只是他從前只覺得這是很久很久以前才會存在的事情,不曾想過現代社會也會發生。
季朗星的眼神中閃過一絲光亮,又急匆匆地說道:“一定有一件事超出他的控制範圍了,所以他才會出此下策。那會是什麽呢?”
好似他們兩個人心底都有了答案,可卻不約而同地不再言語,只是默默閉上了嘴,将剩下的話咽了回去。

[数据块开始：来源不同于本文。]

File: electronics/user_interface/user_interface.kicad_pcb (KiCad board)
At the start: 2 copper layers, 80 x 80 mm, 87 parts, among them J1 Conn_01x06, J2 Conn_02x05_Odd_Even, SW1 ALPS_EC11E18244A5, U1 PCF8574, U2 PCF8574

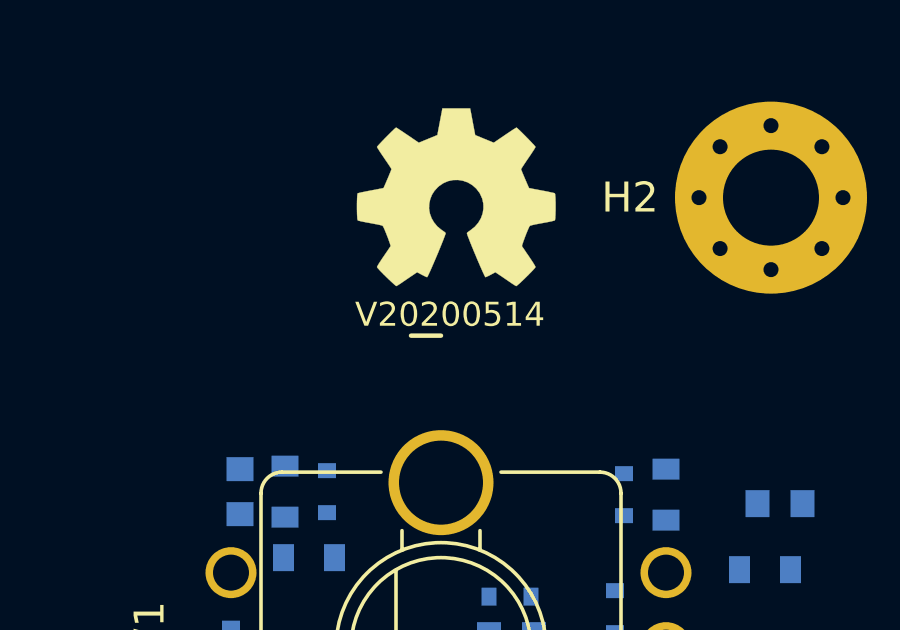
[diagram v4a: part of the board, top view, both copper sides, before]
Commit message: updated footprints to include 3dmodel of SOD-523 diode
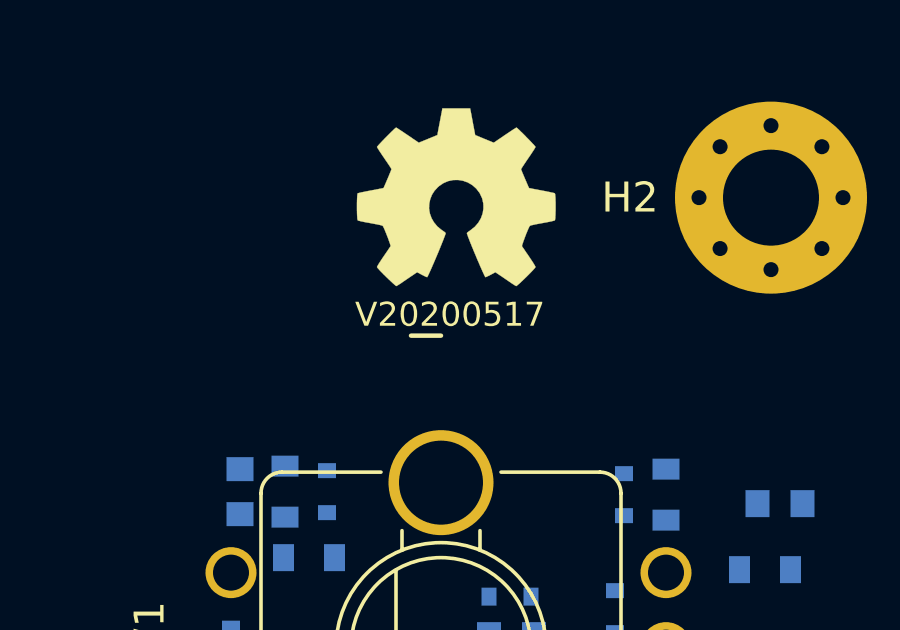
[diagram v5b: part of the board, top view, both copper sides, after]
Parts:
- N2: value V20200514 -> V20200517

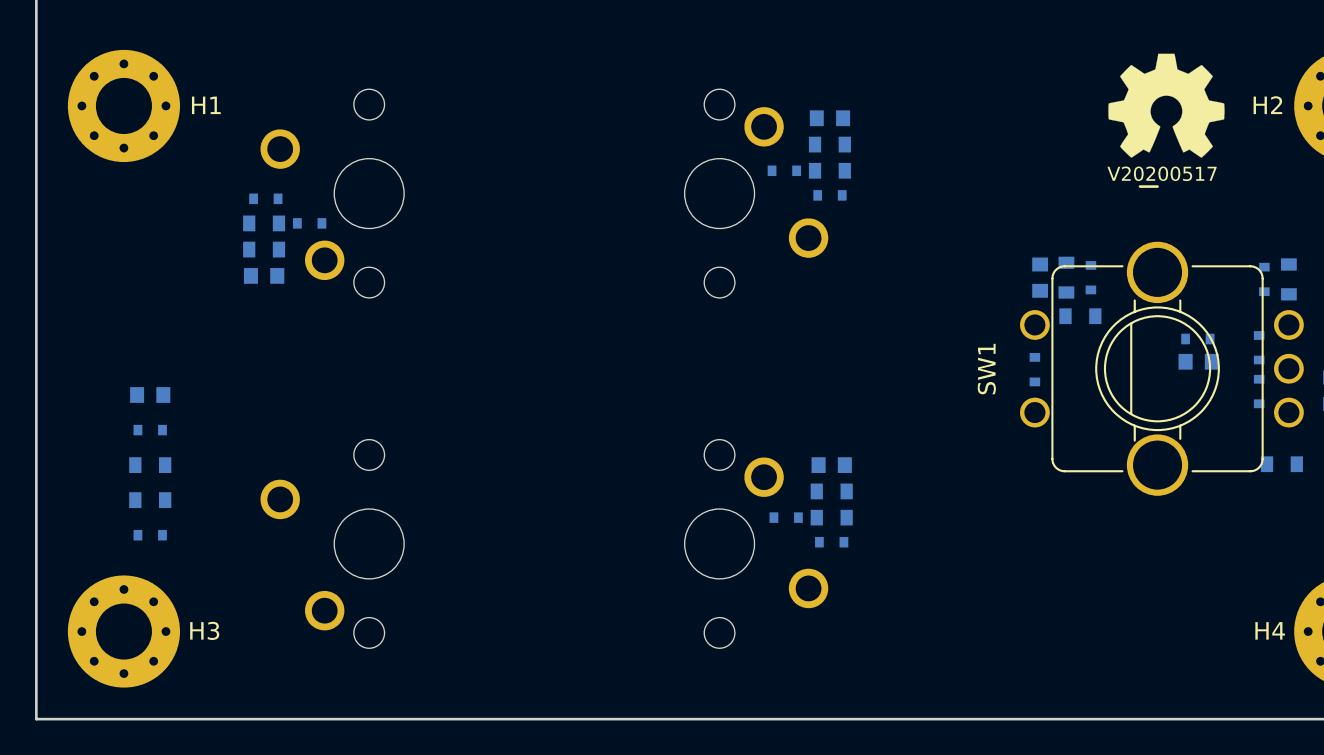
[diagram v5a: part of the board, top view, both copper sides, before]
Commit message: WIP routing of filtering on the buttons
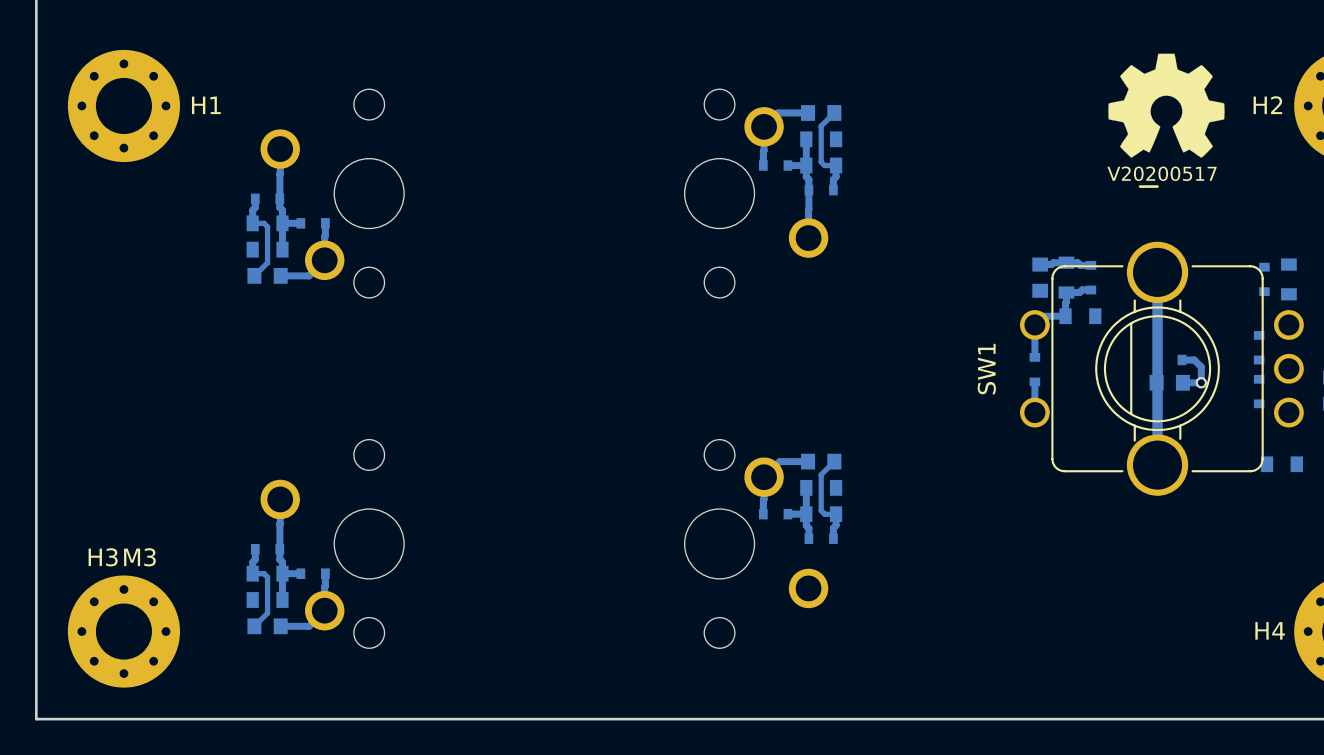
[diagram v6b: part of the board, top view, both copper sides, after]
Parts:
- moved C5 14.8 mm to (123.2, 144.7)
- moved D6 9.56 mm to (125.8, 141.7), turned to 0 degrees
- moved D2 9.55 mm to (123.2, 140.3)
- moved R16 9.13 mm to (123.2, 141.7)
- moved R13 8.80 mm to (123.2, 143.2)
- moved C11 2.04 mm to (174.7, 130.8)
- moved D15 2.00 mm to (174.7, 129.5)
- moved D8 0.63 mm to (152.2, 138.3)
- moved D4 0.63 mm to (154.8, 139.7)
- moved C7 0.63 mm to (154.8, 135.3)
- moved R15 0.63 mm to (154.8, 136.8)
- moved R18 0.63 mm to (154.8, 138.3)
- moved C6 0.58 mm to (154.8, 115.4)
- moved D3 0.58 mm to (154.8, 119.8)
- moved D7 0.58 mm to (152.2, 118.4)
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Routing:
- net /VSS: track 0.00 -> 25.0 mm, vias 0 -> 1
- net /Rotary_shield: track 0.00 -> 11.0 mm
- net Net-(D1-Pad2): track 0.00 -> 6.86 mm
- net Net-(D2-Pad2): track 0.00 -> 6.86 mm
- net Net-(D3-Pad2): track 0.00 -> 6.76 mm
- net /Rotary_push: track 0.00 -> 6.64 mm
- net /Button_00: track 0.00 -> 5.51 mm
- net /Button_02: track 0.00 -> 5.51 mm
- net /Button_01: track 0.00 -> 5.51 mm
- net /Button_03: track 0.00 -> 5.51 mm
- net Net-(D4-Pad2): track 0.00 -> 4.01 mm
- net /Rotary_push_filtered: track 0.00 -> 3.00 mm

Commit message: WIP switch filtering placement and routing, silk changes
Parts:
- moved D13 7.06 mm to (178.2, 135.6), turned to 90 degrees
- moved R20 6.91 mm to (178.9, 133.3), turned to 180 degrees
- moved R21 5.94 mm to (178.9, 126.7), turned to 180 degrees
- moved C9 5.17 mm to (181.1, 135.6)
- moved C10 4.28 mm to (181.1, 124.4), turned to 270 degrees
- moved D14 1.96 mm to (178.2, 124.4)
- moved R24 1.96 mm to (179.6, 124.4)
- moved R23 1.51 mm to (179.6, 135.6), turned to 90 degrees
- moved C8 0.30 mm to (167.3, 124.5)
- moved D12 0.30 mm to (170.2, 124.5)
- moved R19 0.30 mm to (169.6, 126.7)
- moved R22 0.30 mm to (168.8, 124.5)
- moved D11 0.20 mm to (179.8, 128.6)
- moved D10 0.10 mm to (179.8, 131.4)
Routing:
- net /VSS: track 25.0 -> 31.8 mm, vias 1 -> 4
- net /Rotary_A: track 0.00 -> 6.06 mm
- net /Rotary_B: track 0.00 -> 6.06 mm
- net /Rotary_B_filtered: track 0.00 -> 3.00 mm
- net /Rotary_A_filtered: track 0.00 -> 3.00 mm
- net Net-(D4-Pad2): track 4.01 -> 6.86 mm
- net /Rotary_push: track 6.64 -> 7.14 mm

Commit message: updated versionnumber
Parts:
- N1: footprint Symbols:OSHW-Symbol_6.7x6mm_SilkScreen -> Symbol:OSHW-Symbol_6.7x6mm_SilkScreen
- N2: value V20200517 -> V20200521

賀瑱撥弄着自己茶幾上的擺件,一下又一下地讓那只陀螺不停地轉動着。
像是一個漩渦,将他生生吸了進去。
他的思緒飄忽着,不知去了何處。似是想要抓回來,尋求一個解決辦法,卻無法觸及。
是敲門聲打斷了他,他下意識地說了一聲“請進”,就見得宋知意長身鶴立于門口。
宋知意的目光掃過賀瑱與季朗星,說出的語調似是波瀾不驚,讓人聽不出一點起伏:“我是不是打擾到你們了?”
“有些。”
“沒有!”
賀瑱立馬辯駁着,頭搖得像是個撥浪鼓。
他也不知道為什麽,就是不想讓宋知意誤會。應該是不想讓宋知意生氣,覺得自己不夠在意他,所以不願意留在支隊吧。
賀瑱想着,又連忙補充了一句:“我們已經讨論出來了兇手的大致模型,現在在分析作案動機。你是來給我送屍檢報告的嗎?”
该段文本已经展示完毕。